(Records from a dataset)

━━━

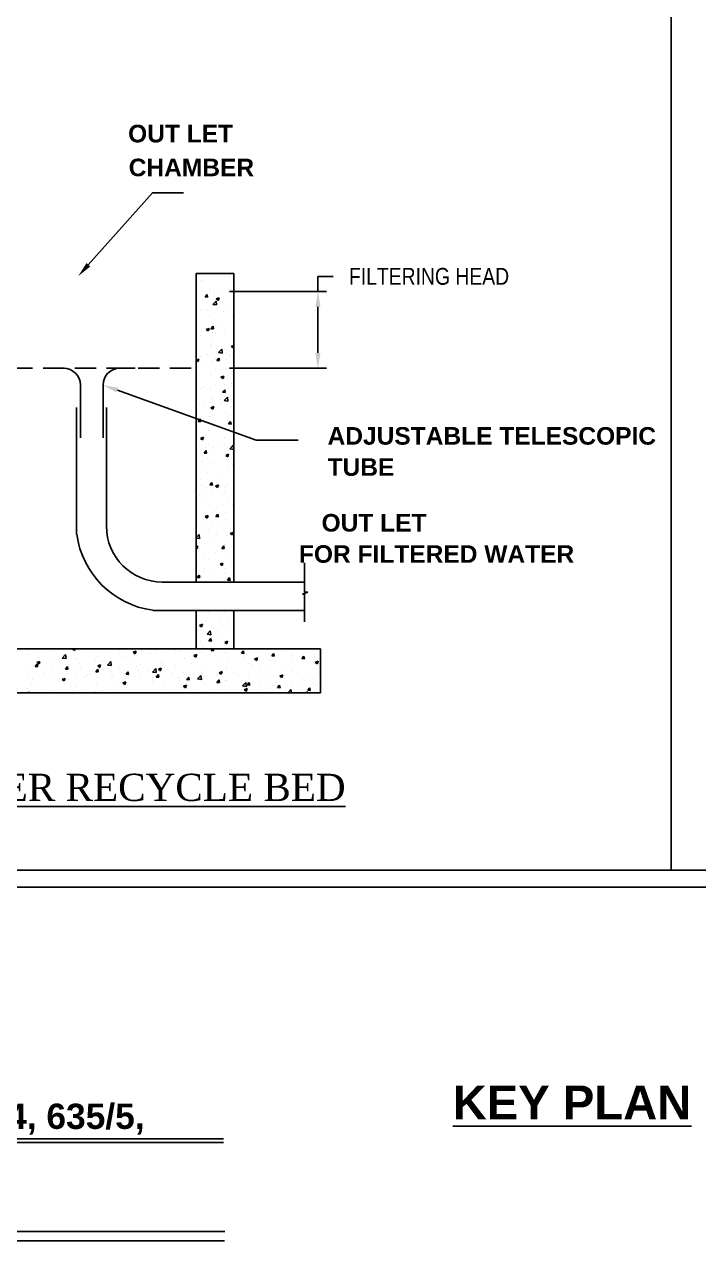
# Model space of a CAD drawing. Header units: metres. Extents: x 0 to 602, y 0 to 196.
# Drawn here: x 431.92 to 439.9, y 70.4 to 84.81 of the extents above; entities that cross this region are included whole.
import ezdxf

# ---------------------------------------------------------------- set-up
doc = ezdxf.new("R2010")
doc.units = ezdxf.units.M
doc.header["$MEASUREMENT"] = 0
doc.linetypes.add('HIDDEN', pattern=[0.375, 0.25, -0.125])
doc.styles.add('Ar Bold', font='arialbd.ttf')
doc.styles.add('ROMANTIC', font='romantic.ttf')
doc.styles.get("Standard").update_dxf_attribs({"font": 'swissc.ttf', "height": 0.23})
doc.styles.add('style BOLD', font='arialbd.ttf')

msp = doc.modelspace()

# ---------------------------------------------------------------- linework, layer by layer
at = {"color": 6}
for p, q in [((439.574, 84.947), (439.574, 74.788)), ((400.928, 71.605), (434.274, 71.605)), ((400.928, 71.562), (434.274, 71.562)), ((400.791, 70.51), (434.29, 70.51)), ((400.791, 70.4), (434.286, 70.4))]:
    msp.add_line(p, q, dxfattribs=at)
at = {"linetype": 'Continuous'}
for p, q in [((433.951, 78.201), (433.951, 81.857)), ((433.951, 81.857), (434.398, 81.857)), ((434.398, 81.857), (434.398, 78.201)), ((433.999, 81.759), (433.999, 81.759)), ((434.027, 81.773), (434.027, 81.773)), ((434.166, 81.823), (434.166, 81.823)), ((434.29, 81.809), (434.29, 81.809)), ((434.343, 81.814), (434.343, 81.814)), ((435.392, 81.64), (435.392, 81.82)), ((435.392, 81.82), (435.572, 81.82)), ((434.056, 81.577), (434.08, 81.606)), ((434.056, 81.577), (434.086, 81.575)), ((434.086, 81.575), (434.08, 81.606)), ((434.106, 81.674), (434.106, 81.674)), ((434.118, 81.649), (434.118, 81.649)), ((434.159, 81.656), (434.159, 81.656)), ((434.189, 81.554), (434.224, 81.567)), ((434.189, 81.554), (434.214, 81.537)), ((434.211, 81.617), (434.211, 81.617)), ((434.214, 81.537), (434.224, 81.567)), ((434.336, 81.634), (434.336, 81.634)), ((434.344, 81.64), (435.492, 81.64)), ((434.373, 81.663), (434.373, 81.663)), ((434.008, 81.419), (434.008, 81.419)), ((434.018, 81.424), (434.018, 81.424)), ((434.08, 81.42), (434.08, 81.42)), ((434.149, 81.489), (434.188, 81.529)), ((434.149, 81.489), (434.193, 81.482)), ((434.153, 81.49), (434.153, 81.49)), ((434.193, 81.482), (434.188, 81.529)), ((434.205, 81.437), (434.205, 81.437)), ((434.275, 81.408), (434.275, 81.408)), ((434.309, 81.474), (434.309, 81.474)), ((434.394, 81.461), (434.394, 81.461)), ((435.392, 80.914), (435.392, 81.46)), ((434.114, 81.352), (434.114, 81.352)), ((434.147, 81.324), (434.147, 81.324)), ((434.263, 81.264), (434.263, 81.264)), ((434.381, 81.341), (434.381, 81.341)), ((433.997, 81.126), (433.997, 81.126)), ((434.068, 81.191), (434.103, 81.205)), ((434.068, 81.191), (434.092, 81.175)), ((434.073, 81.239), (434.073, 81.239)), ((434.092, 81.175), (434.103, 81.205)), ((434.126, 81.201), (434.15, 81.23)), ((434.126, 81.201), (434.155, 81.199)), ((434.141, 81.157), (434.141, 81.157)), ((434.155, 81.199), (434.15, 81.23)), ((434.176, 81.154), (434.176, 81.154)), ((434.289, 81.176), (434.289, 81.176)), ((434.394, 81.189), (434.394, 81.189)), ((434.117, 81.016), (434.117, 81.016)), ((434.131, 81.067), (434.131, 81.067)), ((434.135, 80.991), (434.135, 80.991)), ((434.366, 80.99), (434.398, 81.002)), ((434.366, 80.99), (434.391, 80.973)), ((434.388, 81.023), (434.388, 81.023)), ((434.391, 80.973), (434.398, 80.993)), ((433.951, 80.831), (433.981, 80.842)), ((433.951, 80.825), (433.971, 80.812)), ((433.971, 80.812), (433.981, 80.842)), ((434, 80.87), (434, 80.87)), ((434.079, 80.898), (434.079, 80.898)), ((434.129, 80.824), (434.129, 80.824)), ((434.184, 80.831), (434.184, 80.831)), ((434.195, 80.825), (434.219, 80.854)), ((434.195, 80.825), (434.225, 80.823)), ((434.215, 80.919), (434.254, 80.959)), ((434.215, 80.919), (434.26, 80.912)), ((434.225, 80.823), (434.219, 80.854)), ((434.26, 80.912), (434.254, 80.959)), ((434.308, 80.841), (434.308, 80.841)), ((434.315, 80.911), (434.315, 80.911)), ((434.345, 80.887), (434.345, 80.887)), ((434.382, 80.856), (434.382, 80.856)), ((432.199, 80.734), (432.38, 80.734)), ((433.229, 80.734), (433.048, 80.734)), ((434.016, 80.791), (434.016, 80.791)), ((434.184, 80.714), (434.184, 80.714)), ((434.309, 80.731), (434.309, 80.731)), ((434.344, 80.734), (435.492, 80.734)), ((434.376, 80.69), (434.376, 80.69)), ((432.58, 80.534), (432.58, 79.907)), ((432.848, 80.534), (432.848, 79.907)), ((433.979, 80.644), (433.979, 80.644)), ((434.123, 80.658), (434.123, 80.658)), ((434.177, 80.533), (434.177, 80.533)), ((434.244, 80.627), (434.279, 80.641)), ((434.244, 80.627), (434.269, 80.611)), ((434.246, 80.633), (434.246, 80.633)), ((434.269, 80.611), (434.279, 80.641)), ((434.287, 80.543), (434.287, 80.543)), ((434.367, 80.558), (434.367, 80.558)), ((433.996, 80.493), (433.996, 80.493)), ((434.052, 80.517), (434.052, 80.517)), ((434.117, 80.491), (434.117, 80.491)), ((434.264, 80.449), (434.288, 80.478)), ((434.264, 80.449), (434.294, 80.447)), ((434.281, 80.349), (434.32, 80.39)), ((434.294, 80.447), (434.288, 80.478)), ((434.326, 80.342), (434.32, 80.39)), ((434.369, 80.523), (434.369, 80.523)), ((432.536, 80.267), (432.536, 78.765)), ((432.888, 80.267), (432.888, 78.861)), ((433.987, 80.321), (433.987, 80.321)), ((434.046, 80.336), (434.046, 80.336)), ((434.111, 80.325), (434.111, 80.325)), ((434.115, 80.383), (434.115, 80.383)), ((434.123, 80.265), (434.158, 80.278)), ((434.123, 80.265), (434.148, 80.248)), ((434.148, 80.248), (434.158, 80.278)), ((434.149, 80.377), (434.149, 80.377)), ((434.235, 80.361), (434.235, 80.361)), ((434.254, 80.31), (434.254, 80.31)), ((434.281, 80.349), (434.326, 80.342)), ((434.363, 80.357), (434.363, 80.357)), ((433.975, 80.104), (433.999, 80.133)), ((433.975, 80.104), (434.005, 80.102)), ((434.005, 80.102), (433.999, 80.133)), ((434.015, 80.158), (434.015, 80.158)), ((434.049, 80.123), (434.049, 80.123)), ((434.104, 80.164), (434.104, 80.164)), ((434.105, 80.158), (434.105, 80.158)), ((434.306, 80.208), (434.306, 80.208)), ((434.316, 80.112), (434.316, 80.112)), ((434.334, 80.073), (434.358, 80.102)), ((434.357, 80.19), (434.357, 80.19)), ((434.364, 80.07), (434.358, 80.102)), ((433.972, 79.967), (433.972, 79.967)), ((434.099, 79.992), (434.099, 79.992)), ((434.288, 80.008), (434.288, 80.008)), ((434.334, 80.073), (434.364, 80.07)), ((434.351, 80.024), (434.351, 80.024)), ((433.952, 79.867), (433.952, 79.867)), ((433.994, 79.859), (433.994, 79.859)), ((434.001, 79.902), (434.036, 79.916)), ((434.001, 79.902), (434.026, 79.886)), ((434.026, 79.886), (434.036, 79.916)), ((434.093, 79.826), (434.093, 79.826)), ((434.156, 79.811), (434.156, 79.811)), ((434.219, 79.856), (434.219, 79.856)), ((434.282, 79.828), (434.282, 79.828)), ((434.286, 79.909), (434.286, 79.909)), ((434.345, 79.858), (434.345, 79.858)), ((434.348, 79.779), (434.387, 79.82)), ((434.392, 79.772), (434.387, 79.82)), ((434.044, 79.728), (434.069, 79.757)), ((434.044, 79.728), (434.074, 79.726)), ((434.057, 79.8), (434.057, 79.8)), ((434.074, 79.726), (434.069, 79.757)), ((434.114, 79.75), (434.114, 79.75)), ((434.3, 79.701), (434.335, 79.714)), ((434.3, 79.701), (434.324, 79.684)), ((434.324, 79.789), (434.324, 79.789)), ((434.324, 79.684), (434.335, 79.714)), ((434.339, 79.691), (434.339, 79.691)), ((434.348, 79.779), (434.392, 79.772)), ((434.013, 79.525), (434.013, 79.525)), ((434.025, 79.614), (434.025, 79.614)), ((434.086, 79.659), (434.086, 79.659)), ((434.119, 79.602), (434.119, 79.602)), ((434.15, 79.63), (434.15, 79.63)), ((434.305, 79.575), (434.305, 79.575)), ((434.333, 79.525), (434.333, 79.525)), ((434.339, 79.655), (434.339, 79.655)), ((434.386, 79.591), (434.386, 79.591)), ((434.018, 79.433), (434.018, 79.433)), ((434.08, 79.493), (434.08, 79.493)), ((434.114, 79.352), (434.138, 79.381)), ((434.144, 79.35), (434.138, 79.381)), ((434.208, 79.458), (434.208, 79.458)), ((434.022, 79.347), (434.022, 79.347)), ((434.074, 79.326), (434.074, 79.326)), ((434.076, 79.261), (434.076, 79.261)), ((434.114, 79.352), (434.144, 79.35)), ((434.127, 79.279), (434.127, 79.279)), ((434.178, 79.338), (434.213, 79.352)), ((434.178, 79.338), (434.203, 79.322)), ((434.203, 79.322), (434.213, 79.352)), ((434.284, 79.276), (434.284, 79.276)), ((434.289, 79.335), (434.289, 79.335)), ((434.327, 79.358), (434.327, 79.358)), ((434.392, 79.303), (434.392, 79.303)), ((434.394, 79.268), (434.394, 79.268)), ((433.993, 79.226), (433.993, 79.226)), ((434.068, 79.16), (434.068, 79.16)), ((434.113, 79.116), (434.113, 79.116)), ((434.261, 79.105), (434.261, 79.105)), ((434.321, 79.192), (434.321, 79.192)), ((434.386, 79.122), (434.386, 79.122)), ((434.056, 78.976), (434.091, 78.989)), ((434.056, 78.976), (434.081, 78.959)), ((434.062, 78.993), (434.062, 78.993)), ((434.081, 78.959), (434.091, 78.989)), ((434.183, 78.976), (434.207, 79.005)), ((434.183, 78.976), (434.213, 78.974)), ((434.189, 79.081), (434.189, 79.081)), ((434.213, 78.974), (434.207, 79.005)), ((434.315, 79.025), (434.315, 79.025)), ((434.012, 78.891), (434.012, 78.891)), ((434.056, 78.827), (434.056, 78.827)), ((434.092, 78.826), (434.092, 78.826)), ((434.129, 78.908), (434.129, 78.908)), ((434.254, 78.925), (434.254, 78.925)), ((434.303, 78.942), (434.303, 78.942)), ((434.309, 78.859), (434.309, 78.859)), ((434.359, 78.814), (434.359, 78.814)), ((433.951, 78.727), (433.986, 78.763)), ((433.951, 78.722), (433.991, 78.715)), ((433.991, 78.715), (433.986, 78.763)), ((433.998, 78.711), (433.998, 78.711)), ((434.05, 78.66), (434.05, 78.66)), ((434.123, 78.727), (434.123, 78.727)), ((434.197, 78.758), (434.197, 78.758)), ((434.303, 78.692), (434.303, 78.692)), ((434.312, 78.752), (434.312, 78.752)), ((434.355, 78.775), (434.39, 78.788)), ((434.355, 78.775), (434.38, 78.758)), ((434.38, 78.758), (434.39, 78.788)), ((433.951, 78.62), (433.97, 78.627)), ((433.951, 78.602), (433.959, 78.596)), ((433.959, 78.596), (433.97, 78.627)), ((433.991, 78.593), (433.991, 78.593)), ((433.991, 78.53), (433.991, 78.53)), ((433.992, 78.571), (433.992, 78.571)), ((434.181, 78.555), (434.181, 78.555)), ((434.253, 78.6), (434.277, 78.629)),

━━━

• [Required work] Repeat, with no pictures, each line from the beginning of the data through the line containing "doc.styles.add('ROMANTIC', font='romantic.ttf')", inclusive.

• [Answer to this problem]
# Model space of a CAD drawing. Header units: metres. Extents: x 0 to 602, y 0 to 196.
# Drawn here: x 431.92 to 439.9, y 70.4 to 84.81 of the extents above; entities that cross this region are included whole.
import ezdxf

# ---------------------------------------------------------------- set-up
doc = ezdxf.new("R2010")
doc.units = ezdxf.units.M
doc.header["$MEASUREMENT"] = 0
doc.linetypes.add('HIDDEN', pattern=[0.375, 0.25, -0.125])
doc.styles.add('Ar Bold', font='arialbd.ttf')
doc.styles.add('ROMANTIC', font='romantic.ttf')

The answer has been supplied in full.